M. [M] a plus généralement 'exclu tout problème de nettoyage comme étant le vecteur ayant favorisé la propagation du sinistre' (cf son rapport p.58).

M. [N] a conclu que l'établissement d'Ouest Alu constituait une installation classée pour la protection de l'environnement et qu'il se trouvait, à ce titre, soumis aux obligations de la loi du 19 juillet 1976 (cf son rapport, p. 14 et 22), qu'il relevait à ce titre sans aucun doute de la rubrique 2560 et qu'un doute subsistait concernant les rubriques 2910 et 2662.

S'agissant de la rubrique 2560 'travail mécanique des métaux et alliages', il a indiqué :

-que ses prescriptions concernant les dispositions constructives n'avaient pas été totalement appliquées, mais pour ajouter aussitôt que 'tenir compte de l'antériorité des existants est une position généralement admise par l'administration', et 'qu''une mise en conformité' n'est pas exigée sur ce point dans les établissements existants'

-et que pour celles qui concernaient les mesures d'exploitation de l'établissement (entretien, surveillance, consignes et procédures), rien ne permet de dire que les mesures de sécurité prescrites par l'arrêté type ne sont pas respectées'.

S'agissant de la rubrique 2910, relative aux installations de chauffage dont la puissance thermique totale est compris entre 2 et 20 MW, M. [N] a conclu qu'elle n'était pas suffisamment explicite pour permettre de préciser si des appareils de chauffage répartis dans une surface de 15.000 m², comme en l'espèce, constituaient une 'installation' au sens de ce texte, et que seule la DRIRE aurait pu se livrer à l'interprétation requise, si elle avait été sollicitée, ce qui n'avait jamais été le cas.

M. [M] a indiqué quant à lui que 'rien ne dit que l'activité de la société Ouest Alu relevait de la rubrique 2910' et a ajouté que 'seule la DRIRE aurait pu le dire, et que nul ne peut préjuger de ce qu'aurait été sa réponse' (cf p. 52 et 54).

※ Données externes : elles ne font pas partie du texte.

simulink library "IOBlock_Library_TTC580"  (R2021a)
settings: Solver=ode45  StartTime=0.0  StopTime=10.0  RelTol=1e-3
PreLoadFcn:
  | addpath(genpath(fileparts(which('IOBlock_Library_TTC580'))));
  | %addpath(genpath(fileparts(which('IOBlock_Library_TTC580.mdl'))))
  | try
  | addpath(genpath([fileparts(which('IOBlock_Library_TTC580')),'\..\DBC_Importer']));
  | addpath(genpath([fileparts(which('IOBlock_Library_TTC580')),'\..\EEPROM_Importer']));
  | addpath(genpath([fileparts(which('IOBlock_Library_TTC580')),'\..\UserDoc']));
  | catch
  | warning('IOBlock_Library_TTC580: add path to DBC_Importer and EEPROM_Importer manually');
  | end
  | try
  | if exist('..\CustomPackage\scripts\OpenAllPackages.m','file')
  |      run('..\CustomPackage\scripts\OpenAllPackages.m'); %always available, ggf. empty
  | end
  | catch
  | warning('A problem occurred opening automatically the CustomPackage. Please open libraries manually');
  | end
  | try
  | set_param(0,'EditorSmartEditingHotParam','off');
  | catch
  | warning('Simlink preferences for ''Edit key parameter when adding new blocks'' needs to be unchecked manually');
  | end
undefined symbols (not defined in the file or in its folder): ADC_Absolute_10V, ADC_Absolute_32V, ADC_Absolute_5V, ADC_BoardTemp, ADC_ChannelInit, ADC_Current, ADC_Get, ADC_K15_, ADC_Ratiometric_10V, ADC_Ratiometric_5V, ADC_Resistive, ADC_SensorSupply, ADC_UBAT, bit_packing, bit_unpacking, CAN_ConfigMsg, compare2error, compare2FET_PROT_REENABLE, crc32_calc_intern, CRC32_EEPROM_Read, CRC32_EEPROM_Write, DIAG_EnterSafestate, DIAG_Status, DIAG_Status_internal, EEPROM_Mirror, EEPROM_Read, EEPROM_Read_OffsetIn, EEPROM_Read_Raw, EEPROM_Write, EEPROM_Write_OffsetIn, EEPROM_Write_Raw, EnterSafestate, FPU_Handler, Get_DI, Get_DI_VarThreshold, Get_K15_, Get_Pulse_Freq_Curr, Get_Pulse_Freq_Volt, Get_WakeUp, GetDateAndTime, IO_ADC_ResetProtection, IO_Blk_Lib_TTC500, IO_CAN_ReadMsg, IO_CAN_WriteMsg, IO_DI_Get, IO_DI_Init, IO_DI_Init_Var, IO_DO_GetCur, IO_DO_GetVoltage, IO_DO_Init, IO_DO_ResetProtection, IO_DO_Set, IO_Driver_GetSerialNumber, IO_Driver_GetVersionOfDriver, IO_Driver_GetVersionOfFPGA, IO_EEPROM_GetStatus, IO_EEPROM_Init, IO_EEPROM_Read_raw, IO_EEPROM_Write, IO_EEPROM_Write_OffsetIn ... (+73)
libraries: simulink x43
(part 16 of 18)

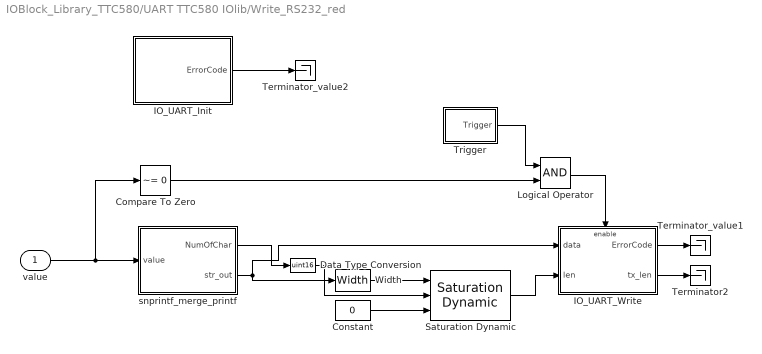
== system IOBlock_Library_TTC580/UART TTC580 IOlib/Write_RS232_red ==
  value : Inport
  Compare To Zero : simulink/Logic and Bit Operations/Compare To Zero  relop=~=  OutDataTypeStr=boolean
  Constant : Constant  Value=0  OutDataTypeStr=uint16
  Data Type Conversion : DataTypeConversion  OutDataTypeStr=uint16
  IO_UART_Init : Subsystem  LoadFcn=|  mask(IO_UART_Init_Code){SampleTime=-1, ttlib=IO_Blk_Lib_TTC500, ttDescription=IO_UART_Init, tt_iolib_version=0.25, baudrate=115200, dbits='8', par='IO_UART_PARITY_NONE', sbits='1'}
      | try
      | %
      | %Upgrade Information - standard BEGIN
      | new_color = 'blue';
      | new_ver = '0.25';
      | act_ver = get_param(gcb,'tt_iolib_version');
      | if not(strcmp(act_ver,new_ver))
      |     disp(['Upgrade block: ',gcb,char(10),'       Version: ',act_ver,' to ',new_ver]);
      |     %switch - case for specific upgrade information e.g. additional parameter required 
      |     %Change appearance and version information
      |     set_param(gcb,'ForegroundColor',new_color);
      |     set_param(gcb,'tt_iolib_version',new_ver);
      | end
      | %Upgrade Information - standard END
      | catch
      | %Standard catch section BEGIN
      | errordlg('An error occurred in a callback of the TTC580-BlockLib. Please open the Diagnostic Viewer for further details');
      | disp(' ');
      | disp('------------------------------------------------------------');
      | disp('An error occurred in a callback of the TTC580-BlockLib.');
      | disp(['Please check the parameters in the mask of ',gcb]);
      | disp('If you do not encounter any violations, then please '); 
      | disp('copy the following lines and report this to support@ttcontrol.com ');
      | disp('<< begin of error message dump >>');
      | disp(['Version of TTC580-BlockLib: ', get_param(gcb,'tt_iolib_version')]);
      | disp(get_param(gcb,'ttDescription'));
      | disp(gcb);
      | x=lasterror;disp(x.message);
      | disp(get_param(gcb,'MaskValues'));
      | disp(version);
      | disp(computer);
      | disp('<< end of error message dump >>');
      | disp('------------------------------------------------------------');
      | disp(' ');
      | %Standard catch section END
      | end
      mask help: Initialization of the UART communication driver.
      mask init:
      | %
      settings: CopyFcn=%deleted
      mask Help: No further help available for this block
      mask Callback baudrate: %
      mask Callback dbits: %
      mask Callback par: %
      mask Callback sbits: %
  IO_UART_Write : Subsystem  LoadFcn=|  mask(IO_UART_Write_Code){SampleTime=-1, ttlib=IO_Blk_Lib_TTC500, ttDescription=IO_UART_Write, tt_iolib_version=0.25}
      | try
      | %
      | %Upgrade Information - standard BEGIN
      | new_color = 'blue';
      | new_ver = '0.25';
      | act_ver = get_param(gcb,'tt_iolib_version');
      | if not(strcmp(act_ver,new_ver))
      |     disp(['Upgrade block: ',gcb,char(10),'       Version: ',act_ver,' to ',new_ver]);
      |     %switch - case for specific upgrade information e.g. additional parameter required 
      |     %Change appearance and version information
      |     set_param(gcb,'ForegroundColor',new_color);
      |     set_param(gcb,'tt_iolib_version',new_ver);
      | end
      | %Upgrade Information - standard END
      | catch
      | %Standard catch section BEGIN
      | errordlg('An error occurred in a callback of the TTC580-BlockLib. Please open the Diagnostic Viewer for further details');
      | disp(' ');
      | disp('------------------------------------------------------------');
      | disp('An error occurred in a callback of the TTC580-BlockLib.');
      | disp(['Please check the parameters in the mask of ',gcb]);
      | disp('If you do not encounter any violations, then please '); 
      | disp('copy the following lines and report this to support@ttcontrol.com ');
      | disp('<< begin of error message dump >>');
      | disp(['Version of TTC580-BlockLib: ', get_param(gcb,'tt_iolib_version')]);
      | disp(get_param(gcb,'ttDescription'));
      | disp(gcb);
      | x=lasterror;disp(x.message);
      | disp(get_param(gcb,'MaskValues'));
      | disp(version);
      | disp(computer);
      | disp('<< end of error message dump >>');
      | disp('------------------------------------------------------------');
      | disp(' ');
      | %Standard catch section END
      | end
      mask help: Write data to serial interface.
      mask init:
      | %
      settings: CopyFcn=%deleted  RTWSystemCode=Inline
      mask Help: No further help available for this block
  Logical Operator : Logic  AllPortsSameDT=off  OutDataTypeStr=boolean
  Saturation Dynamic : simulink/Discontinuities/Saturation Dynamic  OutMin=[]  OutMax=[]  OutDataTypeStr=uint16  OutputDataTypeScalingMode=uint16  OutDataType=fixdt(1, 16)  OutScaling=2^-10  DoSatur=off
  Terminator2 : Terminator
  Terminator_value1 : Terminator
  Terminator_value2 : Terminator
  Trigger : Subsystem  mask(Derate Trigger){derate=derate_val}
      mask help: derate "n": every n-th cylce a trigger is submitted
  Width : Width  DataType=uint16
  snprintf_merge_printf : Subsystem  LoadFcn=|  mask(snprintf_merge_printf_Code){SampleTime=-1, ttlib=IO_Blk_Lib_TTC500, ttDescription=snprintf_merge_printf, tt_iolib_version=0.25, max_size=80, Comment=['\033[0;31m',Comment,'\033[0m']}
      | try
      | %
      | %Upgrade Information - standard BEGIN
      | new_color = 'blue';
      | new_ver = '0.25';
      | act_ver = get_param(gcb,'tt_iolib_version');
      | if not(strcmp(act_ver,new_ver))
      |     disp(['Upgrade block: ',gcb,char(10),'       Version: ',act_ver,' to ',new_ver]);
      |     %switch - case for specific upgrade information e.g. additional parameter required 
      |     %Change appearance and version information
      |     set_param(gcb,'ForegroundColor',new_color);
      |     set_param(gcb,'tt_iolib_version',new_ver);
      | end
      | %Upgrade Information - standard END
      | catch
      | %Standard catch section BEGIN
      | errordlg('An error occurred in a callback of the TTC580-BlockLib. Please open the Diagnostic Viewer for further details');
      | disp(' ');
      | disp('------------------------------------------------------------');
      | disp('An error occurred in a callback of the TTC580-BlockLib.');
      | disp(['Please check the parameters in the mask of ',gcb]);
      | disp('If you do not encounter any violations, then please '); 
      | disp('copy the following lines and report this to support@ttcontrol.com ');
      | disp('<< begin of error message dump >>');
      | disp(['Version of TTC580-BlockLib: ', get_param(gcb,'tt_iolib_version')]);
      | disp(get_param(gcb,'ttDescription'));
      | disp(gcb);
      | x=lasterror;disp(x.message);
      | disp(get_param(gcb,'MaskValues'));
      | disp(version);
      | disp(computer);
      | disp('<< end of error message dump >>');
      | disp('------------------------------------------------------------');
      | disp(' ');
      | %Standard catch section END
      | end
      mask help:
      | The C library function snprintf sends formatted output to a string with maximum length of n characters.
      | This snprintf implementation adds LF and reset cursor information the way that the printf implementation did it before
      mask init:
      | %
      settings: CopyFcn=%deleted
      mask Help: No further help available for this block
      mask Callback max_size: %
      mask Callback Comment: %
  wires:
  Data Type Conversion/1 -> Saturation Dynamic/2
  IO_UART_Write/1(ErrorCode) -> Terminator_value1/1
  Constant/1 -> Saturation Dynamic/3
  value/1 -> snprintf_merge_printf/1(value), Compare To Zero/1
  snprintf_merge_printf/1(NumOfChar) -> Data Type Conversion/1
  Width/1 -> Saturation Dynamic/1
  IO_UART_Init/1(ErrorCode) -> Terminator_value2/1
  Saturation Dynamic/1 -> IO_UART_Write/2(len)
  snprintf_merge_printf/2(str_out) -> IO_UART_Write/1(data), Width/1
  IO_UART_Write/2(tx_len) -> Terminator2/1
  Trigger/1(Trigger) -> Logical Operator/1
  Compare To Zero/1 -> Logical Operator/2
  Logical Operator/1 -> IO_UART_Write/Enable

== system IOBlock_Library_TTC580/ADC Blocks TTC580 IOlib/ADC_Absolute_10V/ADC_ChannelInit ==
  ADC_ChannelInit_s : S-Function  FunctionName=ADC_ChannelInit_s  Parameters=SampleTime,adc_channel,adc_type,range,pupd,sensor_supply,safety_conf  SFunctionDeploymentMode=off  EnableBusSupport=off
  ErrorCode : Outport  VectorParamsAs1DForOutWhenUnconnected=off
  wires:
  ADC_ChannelInit_s/1 -> ErrorCode/1

== system IOBlock_Library_TTC580/ADC Blocks TTC580 IOlib/ADC_Absolute_10V/ADC_Get ==
  ADC_Get_s : S-Function  FunctionName=ADC_Get_s  Parameters=SampleTime,adc_channel  SFunctionDeploymentMode=off  EnableBusSupport=off
  ErrorCode : Outport  VectorParamsAs1DForOutWhenUnconnected=off
  adc_value : Outport  Port=2  VectorParamsAs1DForOutWhenUnconnected=off
  fresh : Outport  Port=3  VectorParamsAs1DForOutWhenUnconnected=off
  wires:
  ADC_Get_s/3 -> fresh/1
  ADC_Get_s/2 -> adc_value/1
  ADC_Get_s/1 -> ErrorCode/1

== system IOBlock_Library_TTC580/ADC Blocks TTC580 IOlib/ADC_Absolute_32V/ADC_ChannelInit ==
  ADC_ChannelInit_s : S-Function  FunctionName=ADC_ChannelInit_s  Parameters=SampleTime,adc_channel,adc_type,range,pupd,sensor_supply,safety_conf  SFunctionDeploymentMode=off  EnableBusSupport=off
  ErrorCode : Outport  VectorParamsAs1DForOutWhenUnconnected=off
  wires:
  ADC_ChannelInit_s/1 -> ErrorCode/1

== system IOBlock_Library_TTC580/ADC Blocks TTC580 IOlib/ADC_Absolute_32V/ADC_Get ==
  ADC_Get_s : S-Function  FunctionName=ADC_Get_s  Parameters=SampleTime,adc_channel  SFunctionDeploymentMode=off  EnableBusSupport=off
  ErrorCode : Outport  VectorParamsAs1DForOutWhenUnconnected=off
  adc_value : Outport  Port=2  VectorParamsAs1DForOutWhenUnconnected=off
  fresh : Outport  Port=3  VectorParamsAs1DForOutWhenUnconnected=off
  wires:
  ADC_Get_s/3 -> fresh/1
  ADC_Get_s/2 -> adc_value/1
  ADC_Get_s/1 -> ErrorCode/1

== system IOBlock_Library_TTC580/ADC Blocks TTC580 IOlib/ADC_Absolute_5V/ADC_ChannelInit ==
  ADC_ChannelInit_s : S-Function  FunctionName=ADC_ChannelInit_s  Parameters=SampleTime,adc_channel,adc_type,range,pupd,sensor_supply,safety_conf  SFunctionDeploymentMode=off  EnableBusSupport=off
  ErrorCode : Outport  VectorParamsAs1DForOutWhenUnconnected=off
  wires:
  ADC_ChannelInit_s/1 -> ErrorCode/1

== system IOBlock_Library_TTC580/ADC Blocks TTC580 IOlib/ADC_Absolute_5V/ADC_Get ==
  ADC_Get_s : S-Function  FunctionName=ADC_Get_s  Parameters=SampleTime,adc_channel  SFunctionDeploymentMode=off  EnableBusSupport=off
  ErrorCode : Outport  VectorParamsAs1DForOutWhenUnconnected=off
  adc_value : Outport  Port=2  VectorParamsAs1DForOutWhenUnconnected=off
  fresh : Outport  Port=3  VectorParamsAs1DForOutWhenUnconnected=off
  wires:
  ADC_Get_s/3 -> fresh/1
  ADC_Get_s/2 -> adc_value/1
  ADC_Get_s/1 -> ErrorCode/1

== system IOBlock_Library_TTC580/ADC Blocks TTC580 IOlib/ADC_BoardTemp/ADC_ChannelInit ==
  ADC_ChannelInit_s : S-Function  FunctionName=ADC_ChannelInit_s  Parameters=SampleTime,adc_channel,adc_type,range,pupd,sensor_supply,safety_conf  SFunctionDeploymentMode=off  EnableBusSupport=off
  ErrorCode : Outport  VectorParamsAs1DForOutWhenUnconnected=off
  wires:
  ADC_ChannelInit_s/1 -> ErrorCode/1

== system IOBlock_Library_TTC580/ADC Blocks TTC580 IOlib/ADC_BoardTemp/ADC_Get ==
  ADC_Get_s : S-Function  FunctionName=ADC_Get_s  Parameters=SampleTime,adc_channel  SFunctionDeploymentMode=off  EnableBusSupport=off
  ErrorCode : Outport  VectorParamsAs1DForOutWhenUnconnected=off
  adc_value : Outport  Port=2  VectorParamsAs1DForOutWhenUnconnected=off
  fresh : Outport  Port=3  VectorParamsAs1DForOutWhenUnconnected=off
  wires:
  ADC_Get_s/1 -> ErrorCode/1
  ADC_Get_s/2 -> adc_value/1
  ADC_Get_s/3 -> fresh/1

== system IOBlock_Library_TTC580/ADC Blocks TTC580 IOlib/ADC_Current/ADC_ChannelInit ==
  ADC_ChannelInit_s : S-Function  FunctionName=ADC_ChannelInit_s  Parameters=SampleTime,adc_channel,adc_type,range,pupd,sensor_supply,safety_conf  SFunctionDeploymentMode=off  EnableBusSupport=off
  ErrorCode : Outport  VectorParamsAs1DForOutWhenUnconnected=off
  wires:
  ADC_ChannelInit_s/1 -> ErrorCode/1

== system IOBlock_Library_TTC580/ADC Blocks TTC580 IOlib/ADC_Current/ADC_Get ==
  ADC_Get_s : S-Function  FunctionName=ADC_Get_s  Parameters=SampleTime,adc_channel  SFunctionDeploymentMode=off  EnableBusSupport=off
  ErrorCode : Outport  VectorParamsAs1DForOutWhenUnconnected=off
  adc_value : Outport  Port=2  VectorParamsAs1DForOutWhenUnconnected=off
  fresh : Outport  Port=3  VectorParamsAs1DForOutWhenUnconnected=off
  wires:
  ADC_Get_s/3 -> fresh/1
  ADC_Get_s/2 -> adc_value/1
  ADC_Get_s/1 -> ErrorCode/1

== system IOBlock_Library_TTC580/ADC Blocks TTC580 IOlib/ADC_Current/IO_ADC_ResetProtection ==
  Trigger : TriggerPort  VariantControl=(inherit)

S'agissant de la rubrique 2662, M. [N] estime incertaine, et sujette à interprétation, la question de savoir si le stockage d'éléments en polymères sur le site fait que l'établissement en relève.

L'expert [N] note que les halls 1 à 5 étaient équipés d'un dispositif de désenfumage.

La Socotec a catégoriquement estimé que les locaux sinistrés ne relevaient pas de l'obligation de disposer de portes coupe-feu (cf rapport [M] : dire annexe D2-1).

L'expert [M], auquel ont été soumis par la société Engie Home Services de nombreux dires relatifs à une possible incidence de l'état des bâtiments ou de leurs matériaux sur la propagation de l'incendie, ne retient pas une telle incidence, et clôt son rapport en indiquant avoir longuement répondu sur ce point, et que la seule thèse possible sur la propagation de l'incendie et d'une part, la conséquence de la déflagration qui avait produit un choc thermique important avec une température de 700 à 800°, et d'autre part des modes de propagation normaux de la chaleur qui avait trouvé dans la sous-face des panneaux de toiture et dans l'ensemble de la charpente métallique de bons vecteurs (cf rapport p. 65).

Au vu de ces conclusions, dégagées par l'expert à partir de ses propres analyses et conclusions mais aussi de la prise en compte du rapport de M. [N], et en l'absence d'élément probant, il n'y a pas lieu de retenir une quelconque responsabilité de la société Ouest Alu dans la propagation de l'incendie, ni donc de laisser à sa charge tout ou partie des conséquences dommageables du sinistre qui a ravagé son site.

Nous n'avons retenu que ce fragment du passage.